Haeander resgata essa tradição dos ancestrais de Papai Noel associados a festividades e rituais de fertilidade que eram muito mais do que isso: para as crianças e jovens, um ritual de passagem onde, através do medo e terror, lembrar a eles que os deuses são poderosos, impacientes e sem compaixão.
Com a religião essas formas pagãs ou foram reprimidas ou sublimadas como no ritual do sangue e do corpo de Cristo convertidos em hóstia e vinho. E revivem em plena era hightech atual por meio da indústria do entretenimento.
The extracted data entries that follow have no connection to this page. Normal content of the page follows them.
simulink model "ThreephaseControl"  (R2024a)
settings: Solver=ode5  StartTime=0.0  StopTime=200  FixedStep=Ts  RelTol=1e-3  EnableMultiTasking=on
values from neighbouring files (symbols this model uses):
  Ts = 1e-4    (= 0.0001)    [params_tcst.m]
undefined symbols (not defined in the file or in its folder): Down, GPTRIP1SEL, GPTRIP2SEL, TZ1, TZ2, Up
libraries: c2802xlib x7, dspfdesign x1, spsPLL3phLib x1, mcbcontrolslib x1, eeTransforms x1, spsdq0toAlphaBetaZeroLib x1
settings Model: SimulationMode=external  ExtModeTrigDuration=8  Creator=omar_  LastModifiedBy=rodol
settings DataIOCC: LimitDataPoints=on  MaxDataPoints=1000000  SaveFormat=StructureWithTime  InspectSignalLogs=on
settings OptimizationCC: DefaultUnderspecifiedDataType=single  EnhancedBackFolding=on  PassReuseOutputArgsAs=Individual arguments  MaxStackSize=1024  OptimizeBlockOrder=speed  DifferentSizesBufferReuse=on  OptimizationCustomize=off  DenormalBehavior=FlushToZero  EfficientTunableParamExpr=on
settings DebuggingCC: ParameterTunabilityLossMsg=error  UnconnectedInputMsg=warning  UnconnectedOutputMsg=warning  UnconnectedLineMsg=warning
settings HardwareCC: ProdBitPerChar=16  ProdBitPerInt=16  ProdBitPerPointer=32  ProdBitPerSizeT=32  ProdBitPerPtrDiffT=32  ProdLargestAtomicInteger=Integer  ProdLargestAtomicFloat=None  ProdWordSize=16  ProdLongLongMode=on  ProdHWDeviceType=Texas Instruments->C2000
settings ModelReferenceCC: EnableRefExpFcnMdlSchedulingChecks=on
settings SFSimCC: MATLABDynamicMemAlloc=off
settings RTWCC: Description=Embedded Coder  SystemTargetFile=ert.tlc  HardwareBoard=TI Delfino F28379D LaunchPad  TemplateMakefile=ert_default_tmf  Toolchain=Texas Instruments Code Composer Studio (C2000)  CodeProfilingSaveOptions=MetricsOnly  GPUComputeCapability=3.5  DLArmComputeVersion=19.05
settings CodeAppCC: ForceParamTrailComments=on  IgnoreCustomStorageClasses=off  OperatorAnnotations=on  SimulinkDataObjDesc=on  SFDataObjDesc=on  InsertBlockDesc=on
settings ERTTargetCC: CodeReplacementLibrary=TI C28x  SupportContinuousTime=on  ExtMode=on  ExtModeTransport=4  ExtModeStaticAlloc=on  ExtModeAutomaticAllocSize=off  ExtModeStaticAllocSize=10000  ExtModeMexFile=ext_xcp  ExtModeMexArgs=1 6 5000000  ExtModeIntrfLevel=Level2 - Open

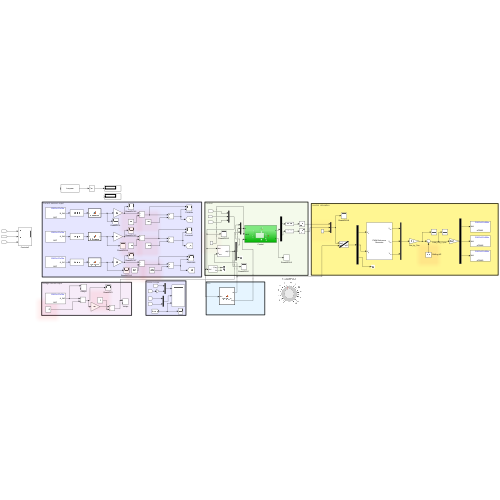
[thumbnail: Simulink's stored preview of the top-level diagram]
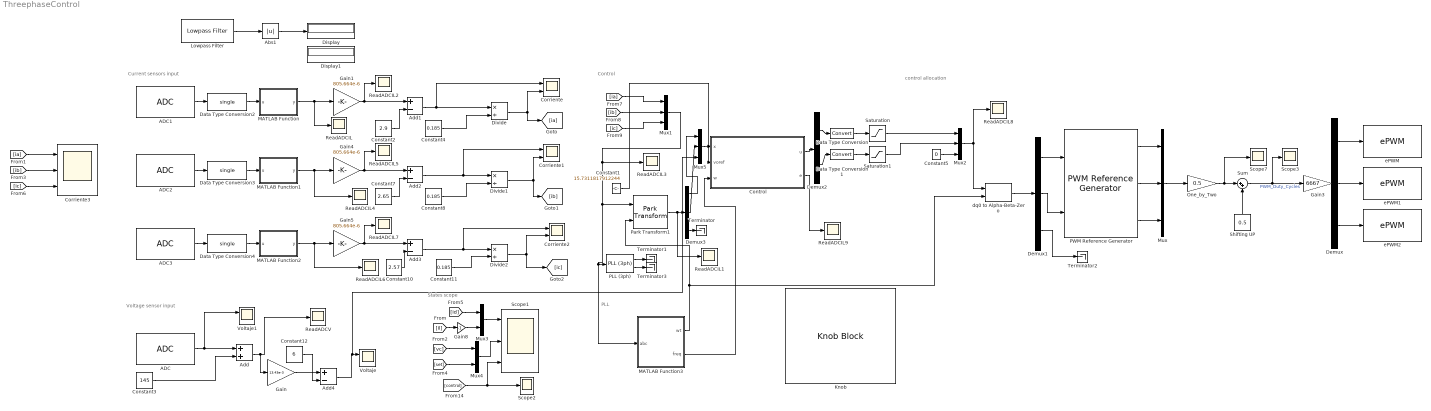
== system ThreephaseControl ==
  note: States scope
  note: Voltage sensor input
  note: Current sensors input
  note: control allocation
  note: Control
  note: PLL
  ADC : c2802xlib/ADC  blkParamProc=C2000_Type4  ADCModule=A  samplingMode=Single sample mode  ADCResolution=12-bit (Single-ended input)  useSOC1=SOC0  useSOC2=SOC0_SOC1  SOCAcquisitionWindow=15  SOCTriggerSource=Software  SOCInterruptTrigger=No ADCINT  Ts=Ts  dType=uint16  postInterrupt=off  interruptSel=ADCINT1  ADCINTContinuous=on  endma=off  chdma=1  conv1=ADCINA0  conv2=ADCINA0 and ADCINB0  conv1_Type4=ADCIN0  conv2_Type4=ADCIN0 and ADCIN1
  ADC1 : c2802xlib/ADC  blkParamProc=C2000_Type4  ADCModule=B  samplingMode=Single sample mode  ADCResolution=12-bit (Single-ended input)  useSOC1=SOC4  useSOC2=SOC0_SOC1  SOCAcquisitionWindow=15  SOCTriggerSource=Software  SOCInterruptTrigger=No ADCINT  Ts=Ts  dType=uint16  postInterrupt=off  interruptSel=ADCINT1  ADCINTContinuous=on  endma=off  chdma=1  conv1=ADCINA0  conv2=ADCINA0 and ADCINB0  conv1_Type4=ADCIN4  conv2_Type4=ADCIN0 and ADCIN1
  ADC2 : c2802xlib/ADC  blkParamProc=C2000_Type4  ADCModule=A  samplingMode=Single sample mode  ADCResolution=12-bit (Single-ended input)  useSOC1=SOC4  useSOC2=SOC0_SOC1  SOCAcquisitionWindow=15  SOCTriggerSource=Software  SOCInterruptTrigger=No ADCINT  Ts=Ts  dType=uint16  postInterrupt=off  interruptSel=ADCINT1  ADCINTContinuous=on  endma=off  chdma=1  conv1=ADCINA0  conv2=ADCINA0 and ADCINB0  conv1_Type4=ADCIN4  conv2_Type4=ADCIN0 and ADCIN1
  ADC3 : c2802xlib/ADC  blkParamProc=C2000_Type4  ADCModule=A  samplingMode=Single sample mode  ADCResolution=12-bit (Single-ended input)  useSOC1=SOC1  useSOC2=SOC0_SOC1  SOCAcquisitionWindow=15  SOCTriggerSource=Software  SOCInterruptTrigger=No ADCINT  Ts=Ts  dType=uint16  postInterrupt=off  interruptSel=ADCINT1  ADCINTContinuous=on  endma=off  chdma=1  conv1=ADCINA0  conv2=ADCINA0 and ADCINB0  conv1_Type4=ADCIN1  conv2_Type4=ADCIN0 and ADCIN1
  Abs1 : Abs  SaturateOnIntegerOverflow=off
  Add : Sum
  Add{1..4} (4 alike) : Sum  Inputs=+-
  Constant1 : Constant  Value=15.7311817912244  SampleTime=Ts
  Constant10 : Constant  Value=2.57  SampleTime=Ts
  Constant11 : Constant  Value=0.185  SampleTime=Ts
  Constant12 : Constant  Value=6  SampleTime=Ts
  Constant2 : Constant  Value=2.9  SampleTime=Ts
  Constant3 : Constant  Value=145  SampleTime=Ts
  Constant4 : Constant  Value=0.185  SampleTime=Ts
  Constant5 : Constant  Value=0  SampleTime=Ts
  Constant7 : Constant  Value=2.65  SampleTime=Ts
  Constant8 : Constant  Value=0.185  SampleTime=Ts
  Control : Subsystem
  Corriente : Scope  NumInputPorts=2
  Corriente1 : Scope  NumInputPorts=2
  Corriente2 : Scope  NumInputPorts=2
  Corriente3 : Scope  NumInputPorts=3
  Data Type Conversion : DataTypeConversion  SaturateOnIntegerOverflow=off  RndMeth=Floor
  Data Type Conversion1 : DataTypeConversion  SaturateOnIntegerOverflow=off  RndMeth=Floor
  Data Type Conversion2 : DataTypeConversion  OutDataTypeStr=single  SaturateOnIntegerOverflow=off  RndMeth=Floor
  Data Type Conversion3 : DataTypeConversion  OutDataTypeStr=single  SaturateOnIntegerOverflow=off  RndMeth=Floor
  Data Type Conversion4 : DataTypeConversion  OutDataTypeStr=single  SaturateOnIntegerOverflow=off  RndMeth=Floor
  Demux : Demux  Outputs=3
  Demux1 : Demux  Outputs=3
  Demux2 : Demux  Outputs=2
  Demux3 : Demux  Outputs=3
  Display : Display
  Display1 : Display
  Divide : Product  Inputs=*/
  Divide1 : Product  Inputs=*/
  Divide2 : Product  Inputs=*/
  Gain : Gain  Gain=13.43e-3  ParamDataTypeStr=double
  Gain1 : Gain  Gain=805.664e-6  ParamDataTypeStr=double
  Gain3 : Gain  Gain=6667
  Gain4 : Gain  Gain=805.664e-6  ParamDataTypeStr=double
  Gain5 : Gain  Gain=805.664e-6  ParamDataTypeStr=double
  Gain8 : Gain  Gain=-1
  Knob : KnobBlock  ScaleMax=35
  Lowpass Filter : dspfdesign/Lowpass Filter  FilterType=FIR  DesignForMinimumOrder=on  FilterOrder=8e3  PassbandFrequency=8e3  StopbandFrequency=12e3  PassbandRipple=0.1  StopbandAttenuation=80  SampleRateMode=Specify on dialog  SampleRate=44100  SimulateUsing=Interpreted execution  roundingMode=Floor  coeffsDataTypeStr=fixdt(1,16)
  MATLAB Function : MATLAB Function  TreatAsAtomicUnit=on
  MATLAB Function1 : MATLAB Function  TreatAsAtomicUnit=on
  MATLAB Function2 : MATLAB Function  TreatAsAtomicUnit=on
  MATLAB Function3 : MATLAB Function  TreatAsAtomicUnit=on
  Mux{,1..2,5} (4 alike) : Mux  Inputs=3
  Mux3 : Mux  Inputs=2
  Mux4 : Mux  Inputs=2
  One_by_Two : Gain  Gain=0.5  RndMeth=Simplest  OutDataTypeStr=Inherit: Same as input
  PLL (3ph) : spsPLL3phLib/PLL (3ph)  Fmin=45  Par_Init=[0, 60]  ParK=[180, 3200, 1]  TcD=1e-4  MaxRateChangeFreq=12  FilterCutOffFreq=25  Ts=0  AGC=on
  PWM Reference Generator : mcbcontrolslib/PWM Reference Generator  inSignal=Valphabeta  modType=SVM: space vector modulation
  Park Transform1 : eeTransforms/Park Transform  AxisAlignment=D-axis  PowerInvariant=off
  ReadADCIL{,1..9} (10 alike) : Scope
  ReadADCV : Scope
  Saturation : Saturate  UpperLimit=1  LowerLimit=-1
  Saturation1 : Saturate  UpperLimit=5  LowerLimit=-5
  Scope1 : Scope  NumInputPorts=3
  Scope2 : Scope
  Scope3 : Scope
  Scope7 : Scope
  Shifting UP : Constant  Value=0.5  SampleTime=Ts
  Sum : Sum  Inputs=|++
  Terminator{,1..3} (4 alike) : Terminator
  Voltaje : Scope  NumInputPorts=2
  Voltaje1 : Scope  NumInputPorts=2
  dq0 to Alpha-Beta-Zero : spsdq0toAlphaBetaZeroLib/dq0 to Alpha-Beta-Zero  Alignment=90 degrees behind phase A axis
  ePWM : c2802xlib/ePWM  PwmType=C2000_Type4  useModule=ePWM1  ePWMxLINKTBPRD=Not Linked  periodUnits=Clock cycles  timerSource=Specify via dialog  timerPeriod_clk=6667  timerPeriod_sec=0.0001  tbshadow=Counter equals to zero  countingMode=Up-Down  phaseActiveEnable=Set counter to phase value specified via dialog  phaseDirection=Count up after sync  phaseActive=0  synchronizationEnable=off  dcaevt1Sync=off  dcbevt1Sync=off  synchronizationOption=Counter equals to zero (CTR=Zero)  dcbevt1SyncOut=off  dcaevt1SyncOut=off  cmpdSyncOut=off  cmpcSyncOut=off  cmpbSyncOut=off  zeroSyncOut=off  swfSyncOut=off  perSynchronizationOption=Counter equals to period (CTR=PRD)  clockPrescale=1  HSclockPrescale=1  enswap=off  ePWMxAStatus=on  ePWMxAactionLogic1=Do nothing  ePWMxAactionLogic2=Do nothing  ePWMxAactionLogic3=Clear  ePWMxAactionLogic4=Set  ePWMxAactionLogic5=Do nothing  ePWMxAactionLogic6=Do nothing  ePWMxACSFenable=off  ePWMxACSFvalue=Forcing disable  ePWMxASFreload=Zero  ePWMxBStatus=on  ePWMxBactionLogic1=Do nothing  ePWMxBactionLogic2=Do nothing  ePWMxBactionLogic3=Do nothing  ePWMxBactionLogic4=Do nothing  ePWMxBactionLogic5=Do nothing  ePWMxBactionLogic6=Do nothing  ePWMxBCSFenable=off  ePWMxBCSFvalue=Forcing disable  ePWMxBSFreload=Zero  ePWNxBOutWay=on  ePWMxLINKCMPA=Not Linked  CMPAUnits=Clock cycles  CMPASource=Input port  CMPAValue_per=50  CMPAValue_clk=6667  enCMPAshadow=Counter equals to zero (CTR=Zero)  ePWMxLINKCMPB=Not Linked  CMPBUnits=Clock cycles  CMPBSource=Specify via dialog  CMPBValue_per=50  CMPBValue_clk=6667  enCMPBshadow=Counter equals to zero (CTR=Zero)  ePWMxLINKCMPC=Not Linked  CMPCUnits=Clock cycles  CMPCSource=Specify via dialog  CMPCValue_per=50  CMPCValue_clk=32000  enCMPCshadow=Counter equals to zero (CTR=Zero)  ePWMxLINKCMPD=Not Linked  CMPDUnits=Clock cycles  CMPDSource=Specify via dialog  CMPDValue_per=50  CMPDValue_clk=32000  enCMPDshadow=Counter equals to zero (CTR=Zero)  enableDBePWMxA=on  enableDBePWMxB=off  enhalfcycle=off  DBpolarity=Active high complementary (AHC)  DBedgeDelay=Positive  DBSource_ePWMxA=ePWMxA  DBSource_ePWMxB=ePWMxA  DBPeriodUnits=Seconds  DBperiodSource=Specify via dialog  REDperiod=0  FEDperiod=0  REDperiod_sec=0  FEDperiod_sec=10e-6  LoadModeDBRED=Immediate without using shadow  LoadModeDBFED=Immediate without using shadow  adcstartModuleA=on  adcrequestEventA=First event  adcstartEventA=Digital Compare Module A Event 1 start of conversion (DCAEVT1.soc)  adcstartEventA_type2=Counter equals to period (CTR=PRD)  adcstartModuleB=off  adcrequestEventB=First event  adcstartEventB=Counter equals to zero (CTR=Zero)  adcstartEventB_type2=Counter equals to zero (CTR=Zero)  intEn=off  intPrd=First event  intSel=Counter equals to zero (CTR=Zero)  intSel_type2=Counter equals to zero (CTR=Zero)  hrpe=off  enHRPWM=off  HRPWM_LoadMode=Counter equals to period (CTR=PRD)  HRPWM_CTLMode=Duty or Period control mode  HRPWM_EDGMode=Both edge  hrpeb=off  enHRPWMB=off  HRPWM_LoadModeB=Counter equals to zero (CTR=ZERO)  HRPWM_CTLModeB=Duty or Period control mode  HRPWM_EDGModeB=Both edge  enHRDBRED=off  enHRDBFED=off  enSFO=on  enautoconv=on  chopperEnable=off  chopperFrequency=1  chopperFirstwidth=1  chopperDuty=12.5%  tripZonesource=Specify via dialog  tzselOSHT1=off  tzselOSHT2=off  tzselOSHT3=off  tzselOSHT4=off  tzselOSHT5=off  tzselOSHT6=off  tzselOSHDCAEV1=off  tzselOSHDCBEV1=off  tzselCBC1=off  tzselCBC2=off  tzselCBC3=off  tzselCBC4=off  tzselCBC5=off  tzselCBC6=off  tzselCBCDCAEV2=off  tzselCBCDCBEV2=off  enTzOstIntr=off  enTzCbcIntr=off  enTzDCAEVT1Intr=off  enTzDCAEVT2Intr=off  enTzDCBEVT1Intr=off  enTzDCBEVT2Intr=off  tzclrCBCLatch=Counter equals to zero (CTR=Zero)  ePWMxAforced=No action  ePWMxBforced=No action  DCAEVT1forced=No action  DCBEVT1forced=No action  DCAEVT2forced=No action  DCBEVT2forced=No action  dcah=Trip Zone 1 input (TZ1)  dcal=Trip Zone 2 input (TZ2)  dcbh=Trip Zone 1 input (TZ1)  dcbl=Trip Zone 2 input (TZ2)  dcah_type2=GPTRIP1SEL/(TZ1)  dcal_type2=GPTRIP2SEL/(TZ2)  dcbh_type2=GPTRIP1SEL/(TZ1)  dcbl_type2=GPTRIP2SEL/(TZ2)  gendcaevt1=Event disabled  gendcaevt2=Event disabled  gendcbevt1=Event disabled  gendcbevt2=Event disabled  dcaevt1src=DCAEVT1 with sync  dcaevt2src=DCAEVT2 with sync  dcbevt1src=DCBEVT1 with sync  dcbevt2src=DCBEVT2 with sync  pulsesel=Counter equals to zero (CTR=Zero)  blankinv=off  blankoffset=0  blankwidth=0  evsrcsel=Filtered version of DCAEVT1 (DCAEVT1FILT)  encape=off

Não é à toa que é recorrente no cinema revival dessas origens mítica de um Papai Noel que, de repente, converte-se em demônio ou serial killer: Bad Santa (2003), Black Christmas (1974), Christmas Evil (1980), Silent Night, Deadly Night (1984), Jack Frost (1996), Don´t Open Till Christmas (1984), Uma Noite de Fúria (Santa’s Slay, 2005) etc.
Isso sem falar no medo atávico que muitas crianças experimentam ao se defrontarem com o bom velhinho em shoppings ou no pânico que tomam muitos filhos ao verem seus pais aparecerem da escuridão da noite vestidos de Papai Noel.